• WORK TO BE COMPLETED
Only the closing portion of the entries is to be reproduced: the line containing "L5 w0.2: v2(47.29,131.49)" through the very last line, exactly as written.

........

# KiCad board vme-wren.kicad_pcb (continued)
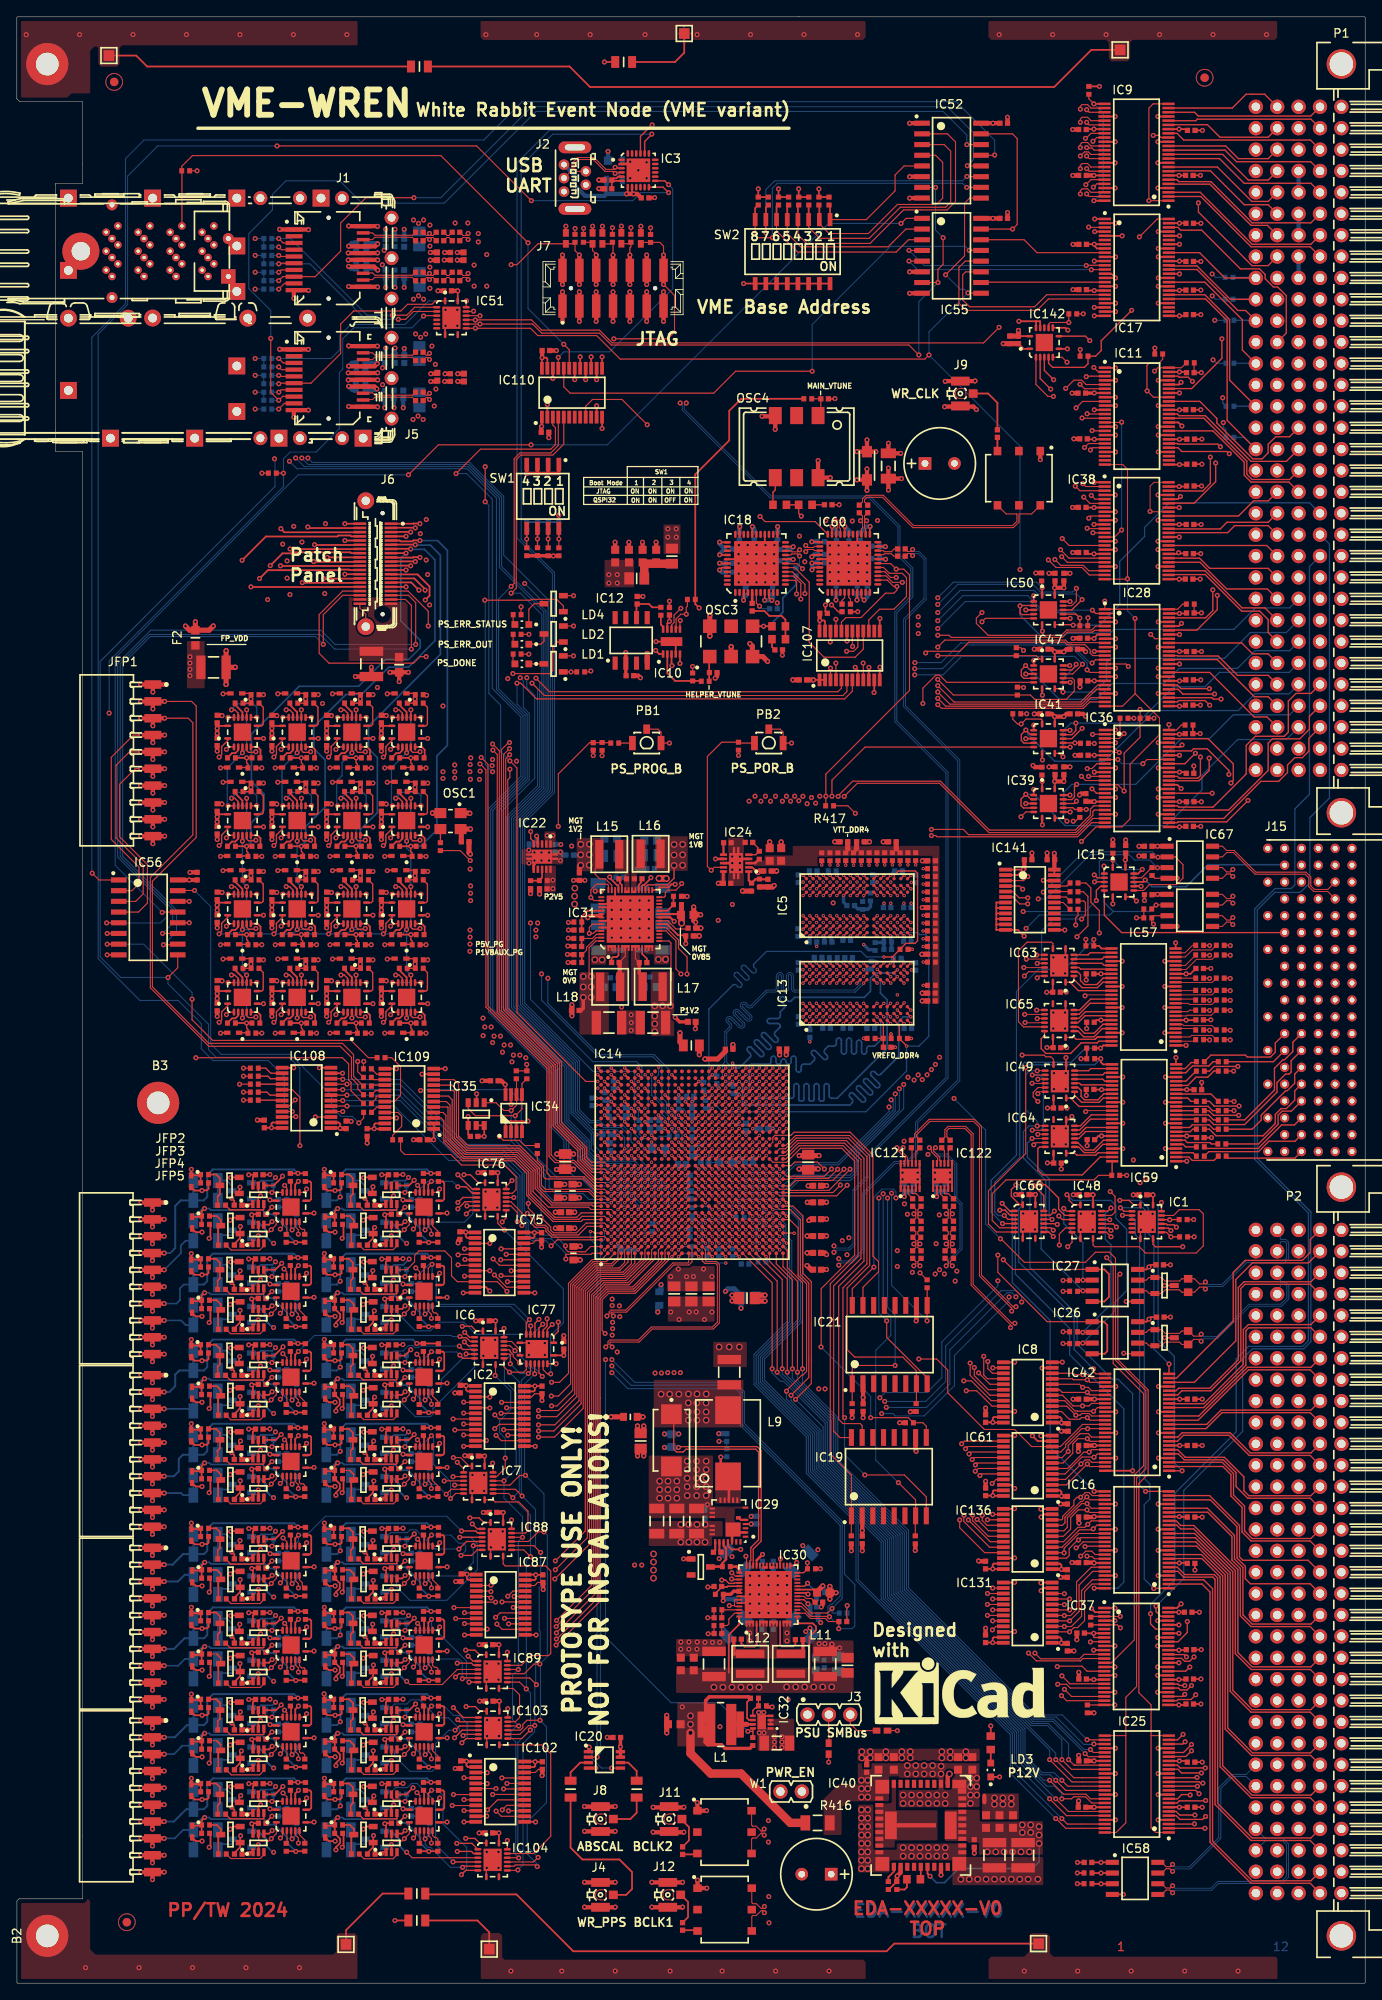
[diagram p0: board, top side]
## Routing (per net, layer and track width the routed paths; a pad name or vN(x,y) marks a point on that pad's centre or on a via; arc(x,y) is an arc through that point) (continued)
/PP_OUT14: length 57.6
  Top Layer w0.15: v2(27.29,134.99) 27.29,134.39 27.45,134.23 R528.2 27.4,133.84 D87.1
  Top Layer w0.2: R525.2 R524.2 ; J6.15 v2(46.22,169.79)
  Bottom Layer w0.2: v2(46.22,169.79) 45.6,169.17 45.6,161.74 47.89,159.45 47.89,158.53 46.53,157.17 43.78,157.17 40.59,153.99 33.53,153.99 27.86,148.31 27.86,142.68 29.35,141.19 29.35,139.29 27.8,137.75 27.8,135.5 v2(27.29,134.99)
/PP_OUT15: length 42.1
  Top Layer w0.15: D88.1 27.67,142.64 R529.2 R526.2 R527.2
  Top Layer w0.2: J6.16 39.71,169.79 39.6,169.89 32.8,169.89 32.67,169.76 31.55,169.76 v2(30.1,168.31)
  L5 w0.2: v2(30.1,168.31) 30.1,165.82 28.7,164.43 28.7,151.54 29.2,151.04 29.2,148.69 27.82,147.3 27.82,142.01 v2(27.79,141.99)
/PP_OUT16: length 79.1
  Top Layer w0.15: D93.1 46.9,123.34 R546.2 46.95,123.74 46.79,123.89 v2(46.79,124.49)
  Top Layer w0.2: R543.2 R542.2 ; J6.17 44.46,169.26 47.06,169.26 47.1,169.31 47.85,169.31 v2(47.87,169.28)
  L10 w0.2: v2(46.79,124.49) 46.82,124.52 46.82,125.31 45.96,126.17 42.13,126.17 39.53,128.77 36.48,128.77 34.52,130.73 31.47,130.73 29.62,132.58 29.62,135.22 27.82,137.02 27.82,141.19 26.26,142.75 26.26,146.69 30.31,150.74 30.31,155.09 41.54,166.31 47.08,166.31 47.87,167.11 v2(47.87,169.28)
/PP_OUT17: length 49.4
  Top Layer w0.15: D94.1 47.17,132.14 R547.2 R544.2 R545.2
  Top Layer w0.2: v2(36.85,169.29) 36.86,169.29 J6.18
  L5 w0.2: v2(47.29,131.49) 44.92,133.87 44.92,137.6 42.82,139.7 42.82,145.53 40.97,147.38 40.97,150.5 41.4,150.94 41.4,154.68 38,158.08 38,165.94 36.85,167.09 v2(36.85,169.29)
/PP_OUT18: length 73.5
  Top Layer w0.15: v2(40.29,124.49) 40.29,123.89 40.45,123.74 R540.2 40.4,123.34 D91.1
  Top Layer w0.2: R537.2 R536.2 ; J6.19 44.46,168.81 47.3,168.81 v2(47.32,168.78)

........

• WRITTEN SOLUTION
  L5 w0.2: v2(47.29,131.49) 44.92,133.87 44.92,137.6 42.82,139.7 42.82,145.53 40.97,147.38 40.97,150.5 41.4,150.94 41.4,154.68 38,158.08 38,165.94 36.85,167.09 v2(36.85,169.29)
/PP_OUT18: length 73.5
  Top Layer w0.15: v2(40.29,124.49) 40.29,123.89 40.45,123.74 R540.2 40.4,123.34 D91.1
  Top Layer w0.2: R537.2 R536.2 ; J6.19 44.46,168.81 47.3,168.81 v2(47.32,168.78)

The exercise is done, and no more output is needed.